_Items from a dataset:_

· · · · · · ·

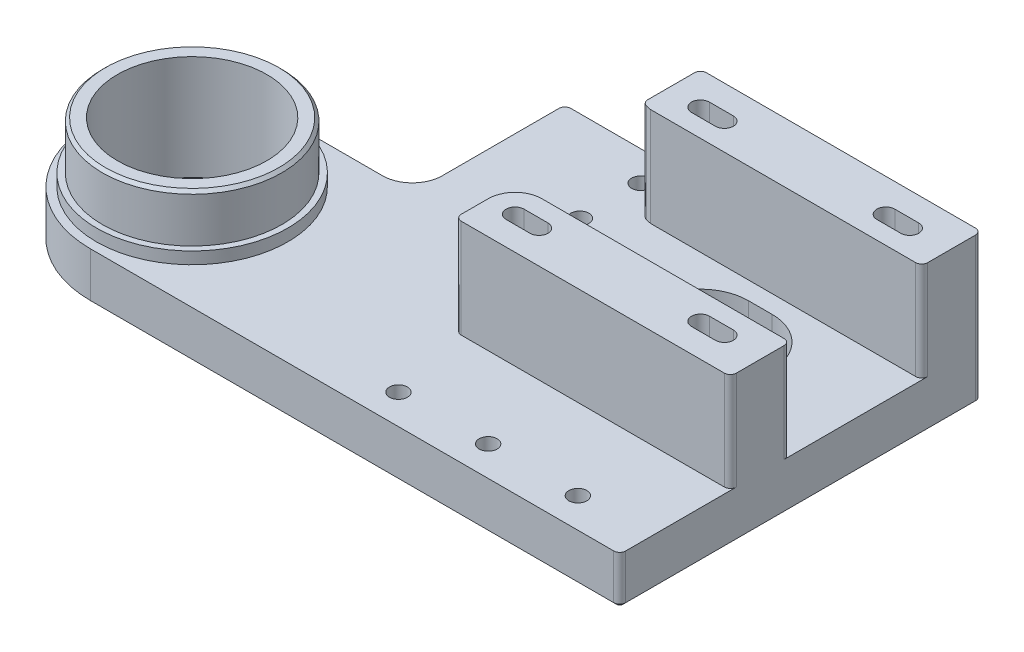
SolidWorks part; units mm, degrees
ref_plane "Front Plane" through (0, 0, 0) normal (0, 0, 1) x (1, 0, 0)
ref_plane "Top Plane" through (0, 0, 0) normal (0, 1, 0) x (1, 0, 0)
ref_plane "Right Plane" through (0, 0, 0) normal (1, 0, 0) x (0, 0, -1)
sketch "Sketch1" plane through (0, 0, 0) normal (0, 1, 0) x (1, 0, 0)
  line L0 (60.6181, 17.7752) -> (49.3328, 24.1377) construction
  line L2 (-17.5, 17.5) -> (-17.5, -17.5)
  line L5 (47.5, 37.5) -> (78.5, 37.5) construction
  line L6 (47.5, 37.5) -> (47.5, 6.5) construction
  line L7 (47.5, 6.5) -> (78.5, 6.5) construction
  line L8 (78.5, 37.5) -> (78.5, 6.5) construction
  line L9 (64.0945, 26.7249) -> (9.1398, 39.4552) construction
  line L10 (42.2652, 20.3799) -> (40.3703, -3.2389) construction
  line L11 (63, 22) -> (63, 43) construction
  line L12 (84, 43) -> (42, 43) construction
  line L13 (84, 43) -> (84, 1) construction
  line L14 (84, 1) -> (42, 1) construction
  line L15 (42, 43) -> (42, 1) construction
  line L16 (63, 22) -> (84, 22) construction
  line L17 (-12.5, -1000) -> (-12.5, 49000) construction
  line L18 (-1001.6818, 12.5) -> (48998.3182, 12.5) construction
  line L19 (-991.5, -12.5) -> (49008.5, -12.5) construction
  line L20 (-17.5, -17.5) -> (89, -17.5)
  line L21 (89, 43) -> (89, -17.5)
  line L23 (47.5, 37.5) -> (51.5, 37.5) construction
  line L24 (47.5, 39) -> (51.5, 39)
  line L25 (47.5, 36) -> (51.5, 36)
  line L26 (78.5, 37.5) -> (82.5, 37.5) construction
  line L27 (78.5, 39) -> (82.5, 39)
  line L28 (78.5, 36) -> (82.5, 36)
  line L29 (47.5, 6.5) -> (51.5, 6.5) construction
  line L30 (47.5, 8) -> (51.5, 8)
  line L31 (47.5, 5) -> (51.5, 5)
  line L32 (78.5, 6.5) -> (82.5, 6.5) construction
  line L33 (78.5, 8) -> (82.5, 8)
  line L34 (78.5, 5) -> (82.5, 5)
  line L35 (63, 22) -> (67, 22) construction
  line L36 (63, 30) -> (67, 30)
  line L37 (63, 14) -> (67, 14)
  line L40 (-17.5, 17.5) -> (19.3317, 17.5)
  line L41 (19.3317, 17.5) -> (19.3317, 43)
  line L42 (19.3317, 43) -> (89, 43)
  line L43 (84, -966.1083) -> (84, 49033.8917) construction
  line L44 (19.3317, 43) -> (-79.4, 43) construction
  line L45 (19.3317, 38) -> (89, 38) construction
  circle A0 centre (0, 0) radius 21 construction
  circle A1 centre (47.5, 37.5) radius 1.5 construction
  circle A2 centre (78.5, 37.5) radius 1.5 construction
  circle A3 centre (78.5, 6.5) radius 1.5 construction
  circle A4 centre (47.5, 6.5) radius 1.5 construction
  circle A5 centre (63, 22) radius 8 construction
  circle A9 centre (47, 20) radius 1.425
  circle A10 centre (47, 20) radius 6.5 construction
  circle A11 centre (0, 0) radius 42 construction
  arc A12 (40.3703, -3.2389) -> (9.1398, 39.4552) centre (0, 0) cw construction
  arc A13 (42.2652, 20.3799) -> (49.3328, 24.1377) centre (47, 20) cw construction
  arc A14 (64.0945, 26.7249) -> (60.6181, 17.7752) centre (63, 22) cw construction
  circle A15 centre (63, 22) radius 7 construction
  arc A16 (47.5, 39) -> (47.5, 36) centre (47.5, 37.5) ccw
  arc A17 (51.5, 36) -> (51.5, 39) centre (51.5, 37.5) ccw
  arc A18 (78.5, 39) -> (78.5, 36) centre (78.5, 37.5) ccw
  arc A19 (82.5, 36) -> (82.5, 39) centre (82.5, 37.5) ccw
  arc A20 (47.5, 8) -> (47.5, 5) centre (47.5, 6.5) ccw
  arc A21 (51.5, 5) -> (51.5, 8) centre (51.5, 6.5) ccw
  arc A22 (78.5, 8) -> (78.5, 5) centre (78.5, 6.5) ccw
  arc A23 (82.5, 5) -> (82.5, 8) centre (82.5, 6.5) ccw
  arc A24 (63, 30) -> (63, 14) centre (63, 22) ccw
  arc A25 (67, 14) -> (67, 30) centre (67, 22) ccw
  circle A26 centre (0, 0) radius 12.5
  circle A27 centre (47, -12.5) radius 1.5
  circle A28 centre (62, -12.5) radius 1.5
  circle A29 centre (77, -12.5) radius 1.5
  circle A30 centre (37, 38) radius 1.5
  circle A31 centre (37, 27.8373) radius 1.5
  point P17 (47.5, 22)
  point P18 (63, 37.5)
  point P19 (49.5, 37.5)
  point P27 (63, 43)
  point P47 (80.5, 37.5)
  point P56 (49.5, 6.5)
  point P62 (80.5, 6.5)
  point P68 (65, 22)
  dimension "D1" = 42
  dimension "D2" = 16
  dimension "D4" = 3
  dimension "D5" = 40.5
  dimension "D6" = 4.85
  dimension "D7" = 4.75
  dimension "D9" = 2.85
  dimension "D14" = 13
  dimension "D15" = 84
  dimension "D13" = 14
  dimension "D18" = 25
  dimension "D23" = 3
  dimension "D3" = 31
  dimension "D8" = 42
  dimension "D10" = 5
  dimension "D11" = 5
  dimension "D12" = 5
  dimension "D16" = 4
  dimension "D17" = 5
  dimension "D19" = 63
  dimension "D20" = 44
  dimension "D21" = 20
  dimension "D22" = 47
  dimension "D24" = 5
  dimension "D26" = 5
  dimension "D27" = 5
  dimension "D25" = 3
extrude "Boss-Extrude1" add sketch "Sketch1" along normal blind 8
sketch "Sketch11" plane through (0, 0, 0) normal (0, -1, 0) x (1, 0, 0)
  circle A0 centre (47, 12.5) radius 3
  circle A1 centre (62, 12.5) radius 3
  circle A2 centre (77, 12.5) radius 3
  circle A4 centre (37, -27.8373) radius 3
  circle A5 centre (37, -38) radius 3
  point P5 (62, 12.5)
  point P9 (77, 12.5)
  point P13 (47, -20)
  point P17 (37, -27.8373)
  point P19 (37, -38)
  dimension "D1" = 6
extrude "Cut-Extrude1" cut sketch "Sketch11" against normal blind 2
chamfer "Chamfer6" distance 0.5 angle 70 5 edges at (77, 2, 9.5) (37, 2, -41) (37, 2, -30.8373) (62, 2, 9.5) (47, 2, 9.5) first distance on face at (77, 2, 9.5) first distance on face at (37, 2, -41) first distance on face at (37, 2, -30.8373) first distance on face at (62, 2, 9.5) first distance on face at (47, 2, 9.5)
sketch "Sketch12" plane through (0, 0, 0) normal (0, -1, 0) x (1, 0, 0)
  line L0 (47.5, -6.5) -> (51.5, -6.5) construction
  line L1 (47.5, -3) -> (51.5, -3)
  line L2 (47.5, -10) -> (51.5, -10)
  line L3 (78.5, -6.5) -> (82.5, -6.5) construction
  line L4 (78.5, -3) -> (82.5, -3)
  line L5 (78.5, -10) -> (82.5, -10)
  line L6 (47.5, -37.5) -> (51.5, -37.5) construction
  line L7 (47.5, -34) -> (51.5, -34)
  line L8 (47.5, -41) -> (51.5, -41)
  line L9 (78.5, -37.5) -> (82.5, -37.5) construction
  line L10 (78.5, -34) -> (82.5, -34)
  line L11 (78.5, -41) -> (82.5, -41)
  arc A0 (47.5, -3) -> (47.5, -10) centre (47.5, -6.5) ccw
  arc A1 (51.5, -10) -> (51.5, -3) centre (51.5, -6.5) ccw
  arc A2 (78.5, -3) -> (78.5, -10) centre (78.5, -6.5) ccw
  arc A3 (82.5, -10) -> (82.5, -3) centre (82.5, -6.5) ccw
  arc A4 (47.5, -34) -> (47.5, -41) centre (47.5, -37.5) ccw
  arc A5 (51.5, -41) -> (51.5, -34) centre (51.5, -37.5) ccw
  arc A6 (78.5, -34) -> (78.5, -41) centre (78.5, -37.5) ccw
  arc A7 (82.5, -41) -> (82.5, -34) centre (82.5, -37.5) ccw
  point P4 (49.5, -6.5)
  point P13 (80.5, -6.5)
  point P18 (49.5, -37.5)
  point P27 (80.5, -37.5)
  dimension "D1" = 3.5
extrude "Cut-Extrude2" cut sketch "Sketch12" against normal blind 2
chamfer "Chamfer7" distance 0.5 angle 70 16 edges at (86, 2, -37.5) (80.5, 2, -34) (80.5, 2, -41) (75, 2, -37.5) (55, 2, -37.5) (49.5, 2, -34) (49.5, 2, -41) (44, 2, -37.5) (86, 2, -6.5) (80.5, 2, -3) (80.5, 2, -10) (75, 2, -6.5) (55, 2, -6.5) (49.5, 2, -3) (49.5, 2, -10) (44, 2, -6.5) first distance on face at (84.25, 1, -37.5) first distance on face at (80.5, 1, -34) first distance on face at (80.5, 1, -41) first distance on face at (76.75, 1, -37.5) first distance on face at (53.25, 1, -37.5) first distance on face at (49.5, 1, -34) first distance on face at (49.5, 1, -41) first distance on face at (45.75, 1, -37.5) first distance on face at (84.25, 1, -6.5) first distance on face at (80.5, 1, -3) first distance on face at (80.5, 1, -10) first distance on face at (76.75, 1, -6.5) first distance on face at (53.25, 1, -6.5) first distance on face at (49.5, 1, -3) first distance on face at (49.5, 1, -10) first distance on face at (45.75, 1, -6.5)
sketch "Sketch2" plane through (0, 8, 0) normal (0, -1, 0) x (1, 0, 0)
  circle A0 centre (0, 0) radius 12.5 construction
  circle A2 centre (0, 0) radius 16
  circle A5 centre (0, 0) radius 12.5
  point P5 (0, 0)
  dimension "D1" = 32
extrude "Boss-Extrude2" add sketch "Sketch2" against normal blind 2
sketch "Sketch6" plane through (0, 10, 0) normal (0, 1, 0) x (1, 0, 0)
  circle A2 centre (0, 0) radius 15
  circle A3 centre (0, 0) radius 12.5 construction
  circle A4 centre (0, 0) radius 12.5
  point P5 (-1.1044, 0)
  dimension "D1" = 30
sketch "Sketch5" plane through (0, 8, 0) normal (0, 1, 0) x (1, 0, 0)
  circle A0 centre (47, 20) radius 1.425 construction
  circle A1 centre (47, 20) radius 1.425
  circle A2 centre (47, 20) radius 3.425
  dimension "D1" = 2
extrude "Boss-Extrude3" add sketch "Sketch5" along normal blind 2.5
chamfer "Chamfer3" distance 1 angle 45 1 edges at (47, 10.5, -16.575)
sketch "Sketch7" plane through (0, 8, 0) normal (0, 1, 0) x (1, 0, 0)
  line L0 (78.5, 2) -> (82.5, 2)
  line L1 (82.5, 11) -> (78.5, 11)
  line L2 (78.5, 5) -> (82.5, 5)
  line L3 (82.5, 8) -> (78.5, 8)
  line L4 (78.5, 5) -> (82.5, 5)
  line L5 (82.5, 8) -> (78.5, 8)
  line L6 (47.5, 5) -> (51.5, 5)
  line L7 (51.5, 8) -> (47.5, 8)
  line L8 (47.5, 5) -> (51.5, 5)
  line L9 (51.5, 8) -> (47.5, 8)
  line L10 (78.5, 36) -> (82.5, 36)
  line L11 (82.5, 39) -> (78.5, 39)
  line L12 (78.5, 36) -> (82.5, 36)
  line L13 (82.5, 39) -> (78.5, 39)
  line L14 (47.5, 36) -> (51.5, 36)
  line L15 (51.5, 39) -> (47.5, 39)
  line L16 (47.5, 36) -> (51.5, 36)
  line L17 (51.5, 39) -> (47.5, 39)
  line L18 (47.5, 2) -> (51.5, 2)
  line L19 (51.5, 11) -> (47.5, 11)
  line L20 (78.5, 33) -> (82.5, 33)
  line L21 (82.5, 42) -> (78.5, 42)
  line L22 (47.5, 33) -> (51.5, 33)
  line L23 (51.5, 42) -> (47.5, 42)
  arc A4 (82.5, 2) -> (82.5, 11) centre (82.5, 6.5) ccw
  arc A5 (78.5, 11) -> (78.5, 2) centre (78.5, 6.5) ccw
  arc A6 (78.5, 8) -> (78.5, 5) centre (78.5, 6.5) ccw
  arc A7 (82.5, 5) -> (82.5, 8) centre (82.5, 6.5) ccw
  arc A8 (78.5, 8) -> (78.5, 5) centre (78.5, 6.5) ccw
  arc A9 (82.5, 5) -> (82.5, 8) centre (82.5, 6.5) ccw
  arc A10 (47.5, 8) -> (47.5, 5) centre (47.5, 6.5) ccw
  arc A11 (51.5, 5) -> (51.5, 8) centre (51.5, 6.5) ccw
  arc A12 (47.5, 8) -> (47.5, 5) centre (47.5, 6.5) ccw
  arc A13 (51.5, 5) -> (51.5, 8) centre (51.5, 6.5) ccw
  arc A14 (78.5, 39) -> (78.5, 36) centre (78.5, 37.5) ccw
  arc A15 (82.5, 36) -> (82.5, 39) centre (82.5, 37.5) ccw
  arc A16 (78.5, 39) -> (78.5, 36) centre (78.5, 37.5) ccw
  arc A17 (82.5, 36) -> (82.5, 39) centre (82.5, 37.5) ccw
  arc A18 (47.5, 39) -> (47.5, 36) centre (47.5, 37.5) ccw
  arc A19 (51.5, 36) -> (51.5, 39) centre (51.5, 37.5) ccw
  arc A20 (47.5, 39) -> (47.5, 36) centre (47.5, 37.5) ccw
  arc A21 (51.5, 36) -> (51.5, 39) centre (51.5, 37.5) ccw
  arc A22 (51.5, 2) -> (51.5, 11) centre (51.5, 6.5) ccw
  arc A23 (47.5, 11) -> (47.5, 2) centre (47.5, 6.5) ccw
  arc A24 (82.5, 33) -> (82.5, 42) centre (82.5, 37.5) ccw
  arc A25 (78.5, 42) -> (78.5, 33) centre (78.5, 37.5) ccw
  arc A26 (51.5, 33) -> (51.5, 42) centre (51.5, 37.5) ccw
  arc A27 (47.5, 42) -> (47.5, 33) centre (47.5, 37.5) ccw
  dimension "D1" = 0
  dimension "D2" = 0
  dimension "D3" = 0
  dimension "D4" = 0
  dimension "D5" = 3
extrude "Boss-Extrude5" add sketch "Sketch7" along normal blind 16.5
sketch "Sketch10" plane through (0, 8, 0) normal (0, 1, 0) x (1, 0, 0)
  line L0 (42, 33.3828) -> (42, 43)
  line L1 (19.3317, 43) -> (89, 43) construction
  line L2 (42, 43) -> (89, 43)
  line L3 (89, 43) -> (89, 38)
  line L4 (89, 38) -> (89, 33)
  line L5 (89, 43) -> (89, -17.5) construction
  line L6 (89, 33) -> (43.6526, 33)
  line L7 (47.5, 39) -> (51.5, 39) construction
  line L8 (47.5, 36) -> (51.5, 36) construction
  line L9 (47.5, 39) -> (51.5, 39)
  line L10 (47.5, 36) -> (51.5, 36)
  line L11 (78.5, 39) -> (82.5, 39) construction
  line L12 (78.5, 36) -> (82.5, 36) construction
  line L13 (78.5, 39) -> (82.5, 39)
  line L14 (78.5, 36) -> (82.5, 36)
  line L15 (47.5, 11) -> (89, 11)
  line L16 (89, 11) -> (89, 1)
  line L17 (89, 1) -> (42.9884, 1)
  line L18 (47.5, 5) -> (51.5, 5) construction
  line L19 (47.5, 8) -> (51.5, 8) construction
  line L20 (47.5, 5) -> (51.5, 5)
  line L21 (47.5, 8) -> (51.5, 8)
  line L22 (78.5, 5) -> (82.5, 5) construction
  line L23 (78.5, 8) -> (82.5, 8) construction
  line L24 (78.5, 5) -> (82.5, 5)
  line L25 (78.5, 8) -> (82.5, 8)
  line L26 (42, 43) -> (42, 1) construction
  line L27 (84, 1) -> (42, 1) construction
  line L30 (64.433, 28.1862) -> (9.4784, 40.9165)
  line L31 (64.433, 28.1862) -> (9.4784, 40.9165) construction
  line L32 (63.756, 25.2636) -> (8.8013, 37.9939)
  line L33 (63.756, 25.2636) -> (8.8013, 37.9939) construction
  line L35 (47.5, 33) -> (51.5, 33) construction
  line L36 (43.6526, 33) -> (42, 33.3828)
  line L38 (42.9884, 1) -> (43, 6.5095)
  line L39 (40.77, 20.4998) -> (38.8751, -3.1189)
  line L40 (40.77, 20.4998) -> (38.8751, -3.1189) construction
  line L41 (43.7604, 20.2599) -> (41.8655, -3.3589)
  line L42 (43.7604, 20.2599) -> (41.8655, -3.3589) construction
  arc A2 (51.5, 36) -> (51.5, 39) centre (51.5, 37.5) ccw construction
  arc A3 (47.5, 39) -> (47.5, 36) centre (47.5, 37.5) ccw construction
  arc A4 (51.5, 36) -> (51.5, 39) centre (51.5, 37.5) ccw
  arc A5 (47.5, 39) -> (47.5, 36) centre (47.5, 37.5) ccw
  arc A6 (82.5, 36) -> (82.5, 39) centre (82.5, 37.5) ccw construction
  arc A7 (78.5, 39) -> (78.5, 36) centre (78.5, 37.5) ccw construction
  arc A8 (82.5, 36) -> (82.5, 39) centre (82.5, 37.5) ccw
  arc A9 (78.5, 39) -> (78.5, 36) centre (78.5, 37.5) ccw
  arc A11 (47.5, 8) -> (47.5, 5) centre (47.5, 6.5) ccw construction
  arc A12 (51.5, 5) -> (51.5, 8) centre (51.5, 6.5) ccw construction
  arc A13 (47.5, 8) -> (47.5, 5) centre (47.5, 6.5) ccw
  arc A14 (51.5, 5) -> (51.5, 8) centre (51.5, 6.5) ccw
  arc A15 (78.5, 8) -> (78.5, 5) centre (78.5, 6.5) ccw construction
  arc A16 (82.5, 5) -> (82.5, 8) centre (82.5, 6.5) ccw construction
  arc A17 (78.5, 8) -> (78.5, 5) centre (78.5, 6.5) ccw
  arc A18 (82.5, 5) -> (82.5, 8) centre (82.5, 6.5) ccw
  circle A24 centre (0, 0) radius 43
  circle A25 centre (0, 0) radius 43 construction
  arc A30 (47.5, 11) -> (47.5, 2) centre (47.5, 6.5) ccw construction
  arc A31 (47.5, 11) -> (47.5, 2) centre (47.5, 6.5) ccw construction
  arc A32 (47.5, 11) -> (43, 6.5095) centre (47.5, 6.5) ccw
  dimension "D1" = 1
  dimension "D2" = 1.5
  dimension "D3" = 1.5
  dimension "D4" = 1.5
  dimension "D5" = 1.5
extrude "Boss-Extrude6" add sketch "Sketch10" along normal up to surface (16.5 mm away) up to face at (49.5, 24.5, -6.5)
fillet "Fillet5" radius 18 2 edges at (-17.5, 4, -17.5) (-17.5, 4, 17.5)
extrude "Boss-Extrude4" add sketch "Sketch6" along normal blind 8
fillet "Fillet8" radius 4 1 edges at (47, 8, -16.575)
chamfer "Chamfer5" distance 0.5 angle 45 1 edges at (0, 18, 15)
fillet "Fillet6" radius 5 1 edges at (19.3317, 4, -17.5)
fillet "Fillet9" radius 1 9 edges at (42, 16.25, -43) (42, 16.25, -33.3828) (42.9884, 16.25, -1) (89, 12.25, -43) (89, 16.25, -33) (89, 16.25, -11) (89, 16.25, -1) (19.3317, 4, -43) (89, 4, 17.5)
chamfer "Chamfer2" distance 0.5 angle 45 38 edges at (47, 0, -18.575) (0, 0, 12.5) (44.25, 0, 17.5) (89, 0, -12.75) (75, 0, -22) (65, 0, -30) (65, 0, -14) (55, 0, -22) (54.1658, 0, -43) (19.3317, 0, -32.25) (7.4158, 0, -17.5) (-12.0499, 0, -12.4035) (-12.0499, 0, 12.4035) (17.8672, 0, -18.9645) (88.7071, 0, -42.7071) (88.7071, 0, 17.2071) (19.6246, 0, -42.7071) (47, 0, 9.5) (62, 0, 9.5) (77, 0, 9.5) (37, 0, -41) (37, 0, -30.8373) (55, 0, -6.5) (49.5, 0, -3) (44, 0, -6.5) (49.5, 0, -10) (86, 0, -37.5) (80.5, 0, -34) (75, 0, -37.5) (80.5, 0, -41) (55, 0, -37.5) (49.5, 0, -34) (44, 0, -37.5) (49.5, 0, -41) (86, 0, -6.5) (80.5, 0, -3) (75, 0, -6.5) (80.5, 0, -10)

· · · · · · ·

Whatever lies between the first line of the data and the line holding "line L27 (78.5, 39) -> (82.5, 39)", inclusive, should be repeated exactly, apart from the pictures.

SolidWorks part; units mm, degrees
ref_plane "Front Plane" through (0, 0, 0) normal (0, 0, 1) x (1, 0, 0)
ref_plane "Top Plane" through (0, 0, 0) normal (0, 1, 0) x (1, 0, 0)
ref_plane "Right Plane" through (0, 0, 0) normal (1, 0, 0) x (0, 0, -1)
sketch "Sketch1" plane through (0, 0, 0) normal (0, 1, 0) x (1, 0, 0)
  line L0 (60.6181, 17.7752) -> (49.3328, 24.1377) construction
  line L2 (-17.5, 17.5) -> (-17.5, -17.5)
  line L5 (47.5, 37.5) -> (78.5, 37.5) construction
  line L6 (47.5, 37.5) -> (47.5, 6.5) construction
  line L7 (47.5, 6.5) -> (78.5, 6.5) construction
  line L8 (78.5, 37.5) -> (78.5, 6.5) construction
  line L9 (64.0945, 26.7249) -> (9.1398, 39.4552) construction
  line L10 (42.2652, 20.3799) -> (40.3703, -3.2389) construction
  line L11 (63, 22) -> (63, 43) construction
  line L12 (84, 43) -> (42, 43) construction
  line L13 (84, 43) -> (84, 1) construction
  line L14 (84, 1) -> (42, 1) construction
  line L15 (42, 43) -> (42, 1) construction
  line L16 (63, 22) -> (84, 22) construction
  line L17 (-12.5, -1000) -> (-12.5, 49000) construction
  line L18 (-1001.6818, 12.5) -> (48998.3182, 12.5) construction
  line L19 (-991.5, -12.5) -> (49008.5, -12.5) construction
  line L20 (-17.5, -17.5) -> (89, -17.5)
  line L21 (89, 43) -> (89, -17.5)
  line L23 (47.5, 37.5) -> (51.5, 37.5) construction
  line L24 (47.5, 39) -> (51.5, 39)
  line L25 (47.5, 36) -> (51.5, 36)
  line L26 (78.5, 37.5) -> (82.5, 37.5) construction
  line L27 (78.5, 39) -> (82.5, 39)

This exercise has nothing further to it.